On the effect of randomization on supercritical heat equations
Eliseo Luongo
TL;DR
We study the focusing nonlinear heat equation $\partial_t u-\Delta u=|u|^{p-1}u$ in $d\ge 3$ with $p>1+\frac{2}{d}$, where the critical exponent is $q_c=\frac{d(p-1)}{2}$ and deterministic non-uniqueness occurs for $1\le q<q_c$ when $p<p_{JL}$. The authors investigate two randomization routes: additive noise and randomized initial data. They prove that additive noise with the considered regularity does not regularize the problem and preserves non-uniqueness, while randomizing the initial data yields almost surely local well-posedness for a broad class of initial data, via modulation-space framework and probabilistic estimates. These results clarify the limits of regularization by noise for supercritical parabolic PDEs and point toward potential selection principles among non-unique solutions.
Abstract
Recently, in \cite{glogic2025non}, it has been shown that the focusing power nonlinearity heat equation \begin{equation}\label{Eq:Heat_abstract}\tag{NLH} \partial_t u -Δu = |u|^{p-1}u, \quad p>1, \end{equation} in dimensions $d \geq 3$ has non-unique local solutions in $L^q(\mathbb{R}^d)$ for $q < d(p-1)/2$ provided that $p < p_{JL}$, where $p_{JL}$ denotes the Joseph-Lundgren exponent.

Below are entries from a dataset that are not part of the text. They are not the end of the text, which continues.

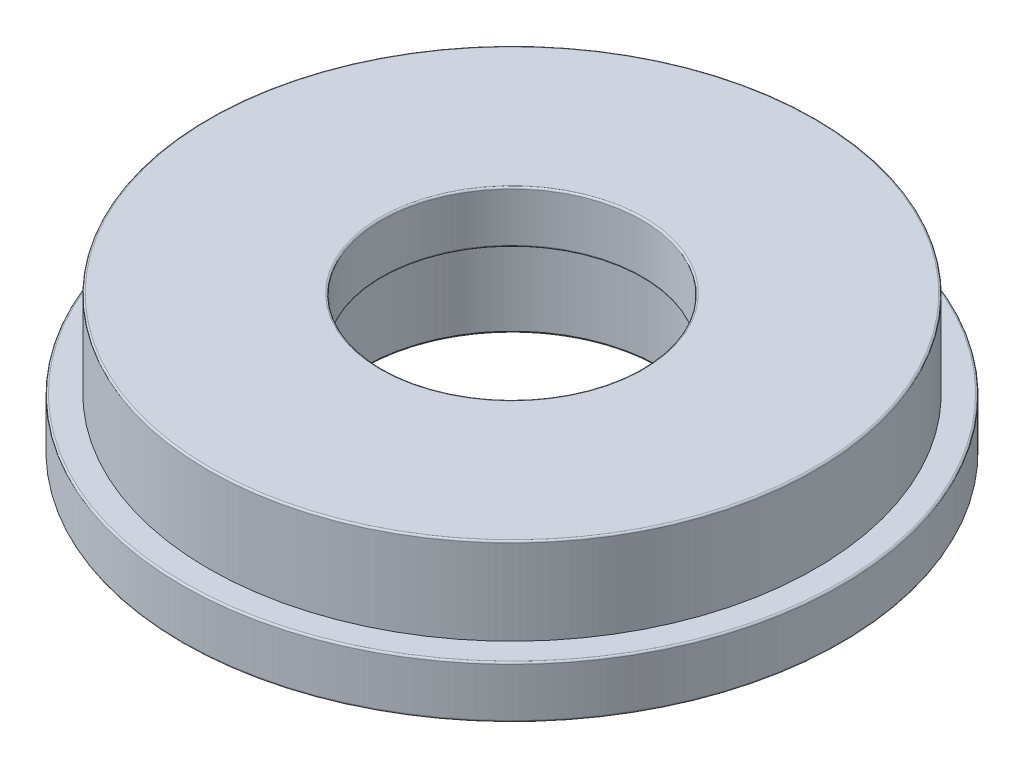
SolidWorks part; units mm, degrees
ref_plane "前视基准面" through (0, 0, 0) normal (0, 0, 1) x (1, 0, 0)
ref_plane "上视基准面" through (0, 0, 0) normal (0, 1, 0) x (1, 0, 0)
ref_plane "右视基准面" through (0, 0, 0) normal (1, 0, 0) x (0, 0, -1)
other "Configuration Table"
sketch "草图1" plane through (0, 0, 0) normal (0, 1, 0) x (1, 0, 0)
  circle A0 centre (0, 0) radius 19
  circle A1 centre (0, 0) radius 15 construction
  circle A2 centre (0, 15) radius 3.05
  circle A3 centre (12.9904, 7.5) radius 3.05
  circle A4 centre (12.9904, -7.5) radius 3.05
  circle A5 centre (0, -15) radius 3.05
  circle A6 centre (-12.9904, -7.5) radius 3.05
  circle A7 centre (-12.9904, 7.5) radius 3.05
  point P18 (0, 0)
  dimension "D1" = 6.1
  dimension "D2" = 38
  dimension "D3" = 30
  dimension "D4" = 6
extrude "凸台-拉伸1" add sketch "草图1" along normal blind 3 contours A0
extrude "切除-拉伸1" cut sketch "草图1<3>" along normal blind 1.7 contours A7 | A6 | A5 | A4 | A3 | A2 region at (0, 0, -15) region at (12.9904, 0, -7.5) region at (12.9904, 0, 7.5) region at (0, 0, 15) region at (-12.9904, 0, 7.5) region at (-12.9904, 0, -7.5)
sketch "草图1<3>" plane through (0, 0, 0) normal (0, 1, 0) x (1, 0, 0) same geometry as "草图1"
sketch "草图5" plane through (0, 3, 0) normal (0, 1, 0) x (1, 0, 0)
  circle A0 centre (0, 0) radius 7.5
  circle A1 centre (0, 0) radius 17.5
  dimension "D1" = 35
  dimension "D2" = 15
extrude "凸台-拉伸3" add sketch "草图5" along normal blind 5
sketch "草图8" plane through (0, 0, 0) normal (0, -1, 0) x (1, 0, 0)
  circle A0 centre (0, 0) radius 8.5
  dimension "D1" = 17
extrude "切除-拉伸4" cut sketch "草图8" against normal offset from surface (5 mm away) 3 up to face at (0, 8, 17.5)
fillet "圆角1" radius 0.1 12 edges at (0, 5, 7.5) (-12.9904, 0, -4.45) (-12.9904, 0, 10.55) (0, 0, 18.05) (12.9904, 0, 10.55) (12.9904, 0, -4.45) (0, 0, -11.95) (0, 0, -8.5) (0, 8, 7.5) (0, 8, 17.5) (0, 0, 19) (0, 3, 19)

In this paper we investigate the effect of different randomizations on the well-posedness of the equation. First we show that adding a forcing term white in time and colored in space in \eqref{Eq:Heat_abstract} is not sufficient to improve the solution theory: namely, we prove non-uniqueness for local-in-time mild solutions of \eqref{Eq:Heat_abstract} with additive noise. Second, we discuss how randomizing the initial conditions of \eqref{Eq:Heat_abstract} affects its well-posedness.